# Grist Mill Garden Railroad



## MillMan (Nov 23, 2020)

I have just bought my first house and ive already started planning out the rail lines.
The house is in need of extensive repairs but I can't stop thinking about where my trestles and bridges are going to be.
Ill need to work on some grading but I hope to keep it below 2.5%. Ill most likely run the rail lines close together to get through the rock gardens.
Then once the rocks are cleared the lines will separate and continue on until they meet again. These are the only pictures I have of the area but I plan to start scratching out the footbeds soon.
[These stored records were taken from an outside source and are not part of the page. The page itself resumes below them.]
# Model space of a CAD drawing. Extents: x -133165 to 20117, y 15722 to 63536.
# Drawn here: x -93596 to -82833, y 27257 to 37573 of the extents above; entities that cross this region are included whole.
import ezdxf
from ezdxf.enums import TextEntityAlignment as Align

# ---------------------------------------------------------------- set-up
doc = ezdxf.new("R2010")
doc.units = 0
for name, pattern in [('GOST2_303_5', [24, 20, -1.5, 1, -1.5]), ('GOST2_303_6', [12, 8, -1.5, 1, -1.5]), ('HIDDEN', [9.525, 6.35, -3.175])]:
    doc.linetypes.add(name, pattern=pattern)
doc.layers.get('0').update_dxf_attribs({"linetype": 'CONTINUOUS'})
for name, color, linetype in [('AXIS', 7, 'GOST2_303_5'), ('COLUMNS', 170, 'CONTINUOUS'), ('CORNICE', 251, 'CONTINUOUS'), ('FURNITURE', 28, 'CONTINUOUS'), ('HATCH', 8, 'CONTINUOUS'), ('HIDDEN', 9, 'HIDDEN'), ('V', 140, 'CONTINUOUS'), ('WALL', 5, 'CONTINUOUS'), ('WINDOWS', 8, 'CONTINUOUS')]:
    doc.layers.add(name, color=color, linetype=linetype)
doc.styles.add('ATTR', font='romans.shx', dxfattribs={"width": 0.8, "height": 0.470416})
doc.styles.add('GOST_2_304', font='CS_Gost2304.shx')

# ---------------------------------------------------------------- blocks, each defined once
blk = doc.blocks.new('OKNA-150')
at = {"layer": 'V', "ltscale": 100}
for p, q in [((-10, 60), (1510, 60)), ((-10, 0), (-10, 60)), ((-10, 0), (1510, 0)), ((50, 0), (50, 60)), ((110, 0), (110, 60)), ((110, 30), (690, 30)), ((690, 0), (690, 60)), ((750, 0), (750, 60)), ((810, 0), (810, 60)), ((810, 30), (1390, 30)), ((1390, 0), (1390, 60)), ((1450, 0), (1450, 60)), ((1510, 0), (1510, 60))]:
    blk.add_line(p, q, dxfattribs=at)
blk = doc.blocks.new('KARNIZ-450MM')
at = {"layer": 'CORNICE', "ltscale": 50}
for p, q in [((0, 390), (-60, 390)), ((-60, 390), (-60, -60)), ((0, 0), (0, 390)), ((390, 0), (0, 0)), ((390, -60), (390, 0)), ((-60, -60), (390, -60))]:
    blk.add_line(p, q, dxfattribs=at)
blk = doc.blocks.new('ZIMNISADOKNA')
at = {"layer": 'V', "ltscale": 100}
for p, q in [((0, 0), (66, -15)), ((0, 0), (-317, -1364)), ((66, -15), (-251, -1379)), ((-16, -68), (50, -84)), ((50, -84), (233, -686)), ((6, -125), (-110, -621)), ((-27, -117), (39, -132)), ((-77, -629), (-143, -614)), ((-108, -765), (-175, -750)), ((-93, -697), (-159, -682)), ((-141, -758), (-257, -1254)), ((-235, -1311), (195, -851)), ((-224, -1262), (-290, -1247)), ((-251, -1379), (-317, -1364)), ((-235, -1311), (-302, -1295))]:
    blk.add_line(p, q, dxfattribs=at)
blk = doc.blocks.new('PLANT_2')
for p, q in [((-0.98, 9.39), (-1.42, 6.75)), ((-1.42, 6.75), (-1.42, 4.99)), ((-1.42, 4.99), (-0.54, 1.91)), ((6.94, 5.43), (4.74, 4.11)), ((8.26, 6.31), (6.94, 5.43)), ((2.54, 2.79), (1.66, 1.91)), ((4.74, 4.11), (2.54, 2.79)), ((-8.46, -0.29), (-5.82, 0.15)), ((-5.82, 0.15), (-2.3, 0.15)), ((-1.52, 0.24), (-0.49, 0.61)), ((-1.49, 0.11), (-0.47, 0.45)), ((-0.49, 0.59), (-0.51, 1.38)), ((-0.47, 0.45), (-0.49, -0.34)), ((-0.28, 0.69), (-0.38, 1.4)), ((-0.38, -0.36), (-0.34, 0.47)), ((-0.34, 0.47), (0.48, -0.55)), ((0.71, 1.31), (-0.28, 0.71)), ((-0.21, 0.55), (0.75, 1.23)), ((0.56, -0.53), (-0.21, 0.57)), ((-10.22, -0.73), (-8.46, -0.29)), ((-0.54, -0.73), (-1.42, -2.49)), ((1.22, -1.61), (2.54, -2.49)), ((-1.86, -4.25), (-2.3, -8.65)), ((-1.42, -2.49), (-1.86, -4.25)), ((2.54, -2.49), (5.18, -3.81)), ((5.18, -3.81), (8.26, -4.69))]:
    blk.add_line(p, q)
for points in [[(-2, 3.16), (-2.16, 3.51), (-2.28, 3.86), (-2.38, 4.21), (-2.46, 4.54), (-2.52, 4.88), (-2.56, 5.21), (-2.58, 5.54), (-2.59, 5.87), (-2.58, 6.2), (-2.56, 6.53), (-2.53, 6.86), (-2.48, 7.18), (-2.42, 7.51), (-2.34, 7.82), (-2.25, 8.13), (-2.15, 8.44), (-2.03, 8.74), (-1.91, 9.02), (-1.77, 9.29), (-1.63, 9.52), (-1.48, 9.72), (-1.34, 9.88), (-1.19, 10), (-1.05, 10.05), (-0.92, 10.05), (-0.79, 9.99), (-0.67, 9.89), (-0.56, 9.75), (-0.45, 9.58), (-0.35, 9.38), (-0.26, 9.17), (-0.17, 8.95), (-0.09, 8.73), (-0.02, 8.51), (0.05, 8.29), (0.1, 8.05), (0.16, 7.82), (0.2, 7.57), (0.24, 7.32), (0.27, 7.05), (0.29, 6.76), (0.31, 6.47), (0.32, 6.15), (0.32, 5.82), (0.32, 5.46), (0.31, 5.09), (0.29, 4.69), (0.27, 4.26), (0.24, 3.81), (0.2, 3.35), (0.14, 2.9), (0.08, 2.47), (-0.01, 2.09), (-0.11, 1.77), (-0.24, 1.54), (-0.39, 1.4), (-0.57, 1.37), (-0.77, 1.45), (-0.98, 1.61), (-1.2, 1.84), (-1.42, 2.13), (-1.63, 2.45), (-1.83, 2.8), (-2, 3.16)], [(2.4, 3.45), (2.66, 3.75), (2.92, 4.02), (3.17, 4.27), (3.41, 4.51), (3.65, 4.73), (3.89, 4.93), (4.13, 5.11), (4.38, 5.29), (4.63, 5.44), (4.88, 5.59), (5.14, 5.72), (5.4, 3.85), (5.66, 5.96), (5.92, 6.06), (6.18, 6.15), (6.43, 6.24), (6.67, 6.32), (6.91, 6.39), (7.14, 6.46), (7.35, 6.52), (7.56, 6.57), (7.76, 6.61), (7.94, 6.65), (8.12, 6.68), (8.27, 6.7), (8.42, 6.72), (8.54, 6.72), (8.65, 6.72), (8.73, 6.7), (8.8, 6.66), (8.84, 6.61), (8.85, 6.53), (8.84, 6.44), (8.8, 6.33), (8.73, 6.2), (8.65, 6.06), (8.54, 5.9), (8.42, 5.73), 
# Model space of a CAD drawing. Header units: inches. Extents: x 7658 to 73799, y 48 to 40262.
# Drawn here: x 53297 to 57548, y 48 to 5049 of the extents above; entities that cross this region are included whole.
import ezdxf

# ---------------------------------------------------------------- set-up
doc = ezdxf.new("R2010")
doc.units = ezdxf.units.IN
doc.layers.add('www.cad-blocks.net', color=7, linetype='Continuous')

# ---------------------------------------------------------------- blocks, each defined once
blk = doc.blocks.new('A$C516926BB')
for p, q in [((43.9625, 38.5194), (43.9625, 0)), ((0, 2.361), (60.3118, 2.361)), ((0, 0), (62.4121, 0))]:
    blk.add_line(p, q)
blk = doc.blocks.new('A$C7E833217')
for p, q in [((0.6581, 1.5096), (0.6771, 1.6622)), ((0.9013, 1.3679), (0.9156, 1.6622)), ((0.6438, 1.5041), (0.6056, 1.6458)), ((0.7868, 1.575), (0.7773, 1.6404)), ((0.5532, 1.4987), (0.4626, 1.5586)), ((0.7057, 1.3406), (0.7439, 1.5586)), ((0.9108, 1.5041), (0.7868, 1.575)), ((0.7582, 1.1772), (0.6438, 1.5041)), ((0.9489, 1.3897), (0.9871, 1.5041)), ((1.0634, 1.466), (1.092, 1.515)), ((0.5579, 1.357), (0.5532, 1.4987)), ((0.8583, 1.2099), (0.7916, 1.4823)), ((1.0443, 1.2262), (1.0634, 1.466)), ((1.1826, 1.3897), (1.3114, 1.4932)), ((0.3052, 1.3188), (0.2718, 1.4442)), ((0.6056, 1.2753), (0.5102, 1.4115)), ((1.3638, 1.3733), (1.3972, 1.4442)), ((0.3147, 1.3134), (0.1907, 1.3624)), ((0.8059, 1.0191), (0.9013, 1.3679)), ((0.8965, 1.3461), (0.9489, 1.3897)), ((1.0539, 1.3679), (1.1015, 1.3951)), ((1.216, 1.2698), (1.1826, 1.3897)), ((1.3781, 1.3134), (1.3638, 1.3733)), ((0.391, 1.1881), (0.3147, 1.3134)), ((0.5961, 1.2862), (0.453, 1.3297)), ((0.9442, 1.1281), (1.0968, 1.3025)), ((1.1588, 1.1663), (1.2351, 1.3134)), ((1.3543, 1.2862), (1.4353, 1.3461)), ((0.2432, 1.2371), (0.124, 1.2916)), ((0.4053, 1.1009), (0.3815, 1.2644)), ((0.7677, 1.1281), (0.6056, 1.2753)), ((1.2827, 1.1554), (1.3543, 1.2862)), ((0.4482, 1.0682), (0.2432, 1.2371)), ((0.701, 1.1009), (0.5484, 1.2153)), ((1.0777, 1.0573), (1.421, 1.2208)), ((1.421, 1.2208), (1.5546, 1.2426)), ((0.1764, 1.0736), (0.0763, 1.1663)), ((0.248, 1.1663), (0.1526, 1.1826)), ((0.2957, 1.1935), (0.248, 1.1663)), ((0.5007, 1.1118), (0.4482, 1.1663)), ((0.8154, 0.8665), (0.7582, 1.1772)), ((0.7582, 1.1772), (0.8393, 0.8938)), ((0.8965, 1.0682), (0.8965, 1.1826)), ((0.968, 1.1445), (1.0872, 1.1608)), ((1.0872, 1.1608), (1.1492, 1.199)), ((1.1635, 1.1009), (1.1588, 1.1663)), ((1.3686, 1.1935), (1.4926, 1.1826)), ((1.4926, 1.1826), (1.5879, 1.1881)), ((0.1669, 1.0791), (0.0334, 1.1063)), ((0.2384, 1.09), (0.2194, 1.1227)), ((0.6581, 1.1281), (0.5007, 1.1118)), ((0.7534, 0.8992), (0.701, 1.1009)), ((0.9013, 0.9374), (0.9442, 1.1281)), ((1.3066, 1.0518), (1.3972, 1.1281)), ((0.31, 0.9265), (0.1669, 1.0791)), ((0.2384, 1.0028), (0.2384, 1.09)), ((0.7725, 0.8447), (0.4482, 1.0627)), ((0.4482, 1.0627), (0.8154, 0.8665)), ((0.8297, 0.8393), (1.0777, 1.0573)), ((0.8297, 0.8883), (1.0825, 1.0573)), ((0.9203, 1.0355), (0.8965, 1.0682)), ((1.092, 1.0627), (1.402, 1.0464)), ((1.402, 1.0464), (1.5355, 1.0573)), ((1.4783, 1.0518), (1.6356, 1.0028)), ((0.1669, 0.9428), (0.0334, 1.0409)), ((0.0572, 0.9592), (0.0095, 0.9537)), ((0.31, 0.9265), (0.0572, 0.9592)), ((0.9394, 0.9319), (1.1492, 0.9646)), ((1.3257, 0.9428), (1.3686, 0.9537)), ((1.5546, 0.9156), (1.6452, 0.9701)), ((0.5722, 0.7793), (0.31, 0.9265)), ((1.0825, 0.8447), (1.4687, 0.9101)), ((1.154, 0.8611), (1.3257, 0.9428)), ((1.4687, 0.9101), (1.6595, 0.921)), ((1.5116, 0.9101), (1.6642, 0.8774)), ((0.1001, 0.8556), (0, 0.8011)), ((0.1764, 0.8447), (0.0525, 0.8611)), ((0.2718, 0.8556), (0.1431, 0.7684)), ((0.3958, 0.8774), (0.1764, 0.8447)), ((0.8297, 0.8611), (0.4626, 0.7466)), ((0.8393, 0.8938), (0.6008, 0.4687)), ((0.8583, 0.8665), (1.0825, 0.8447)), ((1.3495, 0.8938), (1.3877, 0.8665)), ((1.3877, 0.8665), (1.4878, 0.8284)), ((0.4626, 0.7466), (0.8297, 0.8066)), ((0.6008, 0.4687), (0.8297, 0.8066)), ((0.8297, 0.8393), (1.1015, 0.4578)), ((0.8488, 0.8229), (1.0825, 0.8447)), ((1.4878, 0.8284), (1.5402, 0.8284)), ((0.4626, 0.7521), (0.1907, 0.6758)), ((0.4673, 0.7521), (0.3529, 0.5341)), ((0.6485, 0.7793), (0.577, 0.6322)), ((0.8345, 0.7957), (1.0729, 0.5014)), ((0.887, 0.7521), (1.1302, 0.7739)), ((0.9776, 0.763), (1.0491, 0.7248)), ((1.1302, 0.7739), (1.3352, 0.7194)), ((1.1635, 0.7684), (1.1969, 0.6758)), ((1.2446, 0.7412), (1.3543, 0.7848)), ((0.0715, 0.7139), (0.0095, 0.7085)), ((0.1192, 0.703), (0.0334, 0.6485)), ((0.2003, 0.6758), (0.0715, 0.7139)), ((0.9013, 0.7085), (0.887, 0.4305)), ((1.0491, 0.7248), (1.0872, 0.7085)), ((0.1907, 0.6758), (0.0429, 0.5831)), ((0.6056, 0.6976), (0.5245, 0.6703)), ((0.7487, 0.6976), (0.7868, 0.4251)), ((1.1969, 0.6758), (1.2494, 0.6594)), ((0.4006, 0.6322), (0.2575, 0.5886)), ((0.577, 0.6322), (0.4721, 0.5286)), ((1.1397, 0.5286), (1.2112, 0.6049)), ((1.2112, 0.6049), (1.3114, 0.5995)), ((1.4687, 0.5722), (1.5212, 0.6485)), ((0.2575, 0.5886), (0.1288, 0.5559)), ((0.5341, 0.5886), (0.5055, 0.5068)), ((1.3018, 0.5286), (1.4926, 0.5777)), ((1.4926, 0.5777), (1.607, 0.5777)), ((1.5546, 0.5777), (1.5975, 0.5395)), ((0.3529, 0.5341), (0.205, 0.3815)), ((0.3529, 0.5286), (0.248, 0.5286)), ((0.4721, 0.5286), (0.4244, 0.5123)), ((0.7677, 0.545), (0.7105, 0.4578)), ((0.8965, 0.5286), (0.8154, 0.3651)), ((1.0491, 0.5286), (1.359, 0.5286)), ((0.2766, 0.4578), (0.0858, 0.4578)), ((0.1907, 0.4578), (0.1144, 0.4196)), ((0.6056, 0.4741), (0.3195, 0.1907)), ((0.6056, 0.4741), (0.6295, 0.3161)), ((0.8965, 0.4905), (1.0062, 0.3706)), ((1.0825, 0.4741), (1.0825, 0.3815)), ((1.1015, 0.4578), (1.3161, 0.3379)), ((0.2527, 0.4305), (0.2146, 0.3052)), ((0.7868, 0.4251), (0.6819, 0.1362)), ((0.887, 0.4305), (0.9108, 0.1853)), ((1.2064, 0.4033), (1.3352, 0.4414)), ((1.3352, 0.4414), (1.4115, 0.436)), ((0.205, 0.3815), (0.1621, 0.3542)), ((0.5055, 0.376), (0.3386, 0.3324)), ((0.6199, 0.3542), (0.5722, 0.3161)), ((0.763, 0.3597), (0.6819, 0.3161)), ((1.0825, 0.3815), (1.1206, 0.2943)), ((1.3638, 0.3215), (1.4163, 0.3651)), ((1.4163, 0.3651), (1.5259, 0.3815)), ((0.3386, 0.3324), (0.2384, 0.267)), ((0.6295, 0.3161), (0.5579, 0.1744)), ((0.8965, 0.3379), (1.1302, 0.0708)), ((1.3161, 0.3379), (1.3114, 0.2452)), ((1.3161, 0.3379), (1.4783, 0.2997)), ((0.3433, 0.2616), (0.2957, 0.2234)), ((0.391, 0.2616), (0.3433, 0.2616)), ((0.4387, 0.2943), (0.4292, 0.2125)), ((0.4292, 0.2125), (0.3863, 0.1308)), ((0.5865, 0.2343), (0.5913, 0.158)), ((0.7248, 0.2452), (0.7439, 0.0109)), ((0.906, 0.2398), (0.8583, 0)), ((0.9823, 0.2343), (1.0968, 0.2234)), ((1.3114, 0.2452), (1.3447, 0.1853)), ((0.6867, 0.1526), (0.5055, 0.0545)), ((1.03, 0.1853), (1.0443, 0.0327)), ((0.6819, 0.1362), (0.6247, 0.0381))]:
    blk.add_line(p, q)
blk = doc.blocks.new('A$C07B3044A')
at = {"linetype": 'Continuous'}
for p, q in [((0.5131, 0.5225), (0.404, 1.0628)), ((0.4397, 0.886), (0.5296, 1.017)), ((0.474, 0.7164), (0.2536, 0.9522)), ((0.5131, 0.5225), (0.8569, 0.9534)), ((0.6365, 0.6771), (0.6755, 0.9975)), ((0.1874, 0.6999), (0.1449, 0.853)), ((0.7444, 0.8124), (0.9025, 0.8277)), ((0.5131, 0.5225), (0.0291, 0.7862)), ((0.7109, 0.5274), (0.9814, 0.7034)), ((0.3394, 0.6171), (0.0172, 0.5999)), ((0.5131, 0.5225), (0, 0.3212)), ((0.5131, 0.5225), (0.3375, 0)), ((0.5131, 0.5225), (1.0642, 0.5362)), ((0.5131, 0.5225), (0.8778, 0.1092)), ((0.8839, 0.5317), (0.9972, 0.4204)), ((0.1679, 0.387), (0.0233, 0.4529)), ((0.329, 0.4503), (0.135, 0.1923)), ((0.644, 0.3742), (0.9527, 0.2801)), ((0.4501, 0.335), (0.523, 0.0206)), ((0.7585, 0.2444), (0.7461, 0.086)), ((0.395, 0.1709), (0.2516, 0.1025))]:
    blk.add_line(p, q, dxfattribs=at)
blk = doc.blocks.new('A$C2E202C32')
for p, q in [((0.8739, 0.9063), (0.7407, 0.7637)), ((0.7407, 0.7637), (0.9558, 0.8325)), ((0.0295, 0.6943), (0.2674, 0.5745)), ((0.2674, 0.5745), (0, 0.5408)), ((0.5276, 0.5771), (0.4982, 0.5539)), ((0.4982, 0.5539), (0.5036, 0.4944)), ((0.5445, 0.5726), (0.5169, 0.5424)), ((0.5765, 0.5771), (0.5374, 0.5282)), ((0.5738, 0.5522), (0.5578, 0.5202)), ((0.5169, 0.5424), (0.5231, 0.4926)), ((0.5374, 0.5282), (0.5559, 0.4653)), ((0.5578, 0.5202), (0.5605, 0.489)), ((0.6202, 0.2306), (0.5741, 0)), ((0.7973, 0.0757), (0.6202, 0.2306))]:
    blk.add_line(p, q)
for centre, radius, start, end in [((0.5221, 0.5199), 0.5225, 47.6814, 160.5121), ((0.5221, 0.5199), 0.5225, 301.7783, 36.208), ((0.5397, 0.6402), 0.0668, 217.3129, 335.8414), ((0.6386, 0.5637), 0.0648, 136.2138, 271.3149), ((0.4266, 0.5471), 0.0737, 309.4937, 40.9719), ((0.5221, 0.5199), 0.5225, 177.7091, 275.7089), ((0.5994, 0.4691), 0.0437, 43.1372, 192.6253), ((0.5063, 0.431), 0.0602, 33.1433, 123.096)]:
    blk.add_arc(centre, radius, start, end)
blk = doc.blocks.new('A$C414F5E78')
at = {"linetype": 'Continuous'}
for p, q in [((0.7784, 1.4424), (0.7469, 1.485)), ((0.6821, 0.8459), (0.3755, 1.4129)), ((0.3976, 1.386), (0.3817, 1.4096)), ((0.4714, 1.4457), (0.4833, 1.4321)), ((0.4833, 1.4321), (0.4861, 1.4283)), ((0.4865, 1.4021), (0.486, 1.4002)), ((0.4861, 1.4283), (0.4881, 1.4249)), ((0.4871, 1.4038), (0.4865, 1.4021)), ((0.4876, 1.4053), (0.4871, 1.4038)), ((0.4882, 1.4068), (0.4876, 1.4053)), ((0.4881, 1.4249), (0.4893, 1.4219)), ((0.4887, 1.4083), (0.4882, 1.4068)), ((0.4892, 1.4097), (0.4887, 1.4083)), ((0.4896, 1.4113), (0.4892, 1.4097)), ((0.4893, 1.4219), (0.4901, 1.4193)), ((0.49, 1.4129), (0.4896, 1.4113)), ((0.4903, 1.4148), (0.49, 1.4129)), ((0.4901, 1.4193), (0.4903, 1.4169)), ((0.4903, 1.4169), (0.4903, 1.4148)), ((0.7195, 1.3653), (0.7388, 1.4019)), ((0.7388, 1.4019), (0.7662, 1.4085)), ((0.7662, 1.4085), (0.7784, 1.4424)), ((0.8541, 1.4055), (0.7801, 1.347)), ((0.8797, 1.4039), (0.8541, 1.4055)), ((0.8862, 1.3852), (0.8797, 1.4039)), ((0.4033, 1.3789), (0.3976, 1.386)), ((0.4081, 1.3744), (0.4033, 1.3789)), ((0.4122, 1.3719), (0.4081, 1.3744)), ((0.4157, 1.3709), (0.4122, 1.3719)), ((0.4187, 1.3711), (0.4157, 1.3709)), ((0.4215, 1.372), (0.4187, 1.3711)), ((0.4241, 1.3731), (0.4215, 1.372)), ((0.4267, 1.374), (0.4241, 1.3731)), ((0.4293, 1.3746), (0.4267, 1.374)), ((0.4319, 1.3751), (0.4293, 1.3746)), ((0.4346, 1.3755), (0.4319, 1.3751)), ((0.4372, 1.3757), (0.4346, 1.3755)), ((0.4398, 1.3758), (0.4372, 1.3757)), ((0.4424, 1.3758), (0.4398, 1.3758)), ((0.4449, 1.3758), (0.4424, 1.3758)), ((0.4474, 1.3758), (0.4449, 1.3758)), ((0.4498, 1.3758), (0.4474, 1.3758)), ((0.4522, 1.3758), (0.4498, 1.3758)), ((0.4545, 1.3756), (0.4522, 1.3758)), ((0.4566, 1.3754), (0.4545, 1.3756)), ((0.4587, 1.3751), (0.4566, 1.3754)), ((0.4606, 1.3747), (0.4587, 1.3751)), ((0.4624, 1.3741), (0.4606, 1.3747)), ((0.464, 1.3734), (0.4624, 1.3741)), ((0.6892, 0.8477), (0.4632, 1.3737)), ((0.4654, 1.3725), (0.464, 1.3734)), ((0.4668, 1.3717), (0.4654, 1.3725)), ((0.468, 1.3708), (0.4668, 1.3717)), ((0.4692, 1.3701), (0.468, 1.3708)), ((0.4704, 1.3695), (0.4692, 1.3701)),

Also the loop will run over to the porch via trestles to keep the rail road close to the house for simple loading and unloading.


----------



## David Leech (Dec 9, 2008)

Mr Mill,
What a great looking place to live.
Where did the river go?
Have fun building the railway.
How can you not!
Cheers,
David Leech, Delta, Canada


----------



## MillMan (Nov 23, 2020)

Oh its there, here's a better shot of the river next to the house. 
I can't wait to get started!!


----------



## Treeman (Jan 6, 2008)

MillMan said:


> Oh its there, here's a better shot of the river next to the house.
> I can't wait to get started!!
> View attachment 60524


That is a bueatiful spot, looks like a project on the house.


----------



## backyardRR (Aug 14, 2012)

It does look like a real "fixer upper". My concern about the location of the railway is it's proximity to the river and potential flood levels. But as they say, location, location, location. Simply a stunning spot. Good luck.


----------



## MillMan (Nov 23, 2020)

backyardRR said:


> It does look like a real "fixer upper". My concern about the location of the railway is it's proximity to the river and potential flood levels. But as they say, location, location, location. Simply a stunning spot. Good luck.


I’ve worried about it myself but the track right next to the rock is safe. I had just cleared a foot of dirt off the rock that’s below the line. We had a 100 year flood last year and it would of washed the upper track away.


----------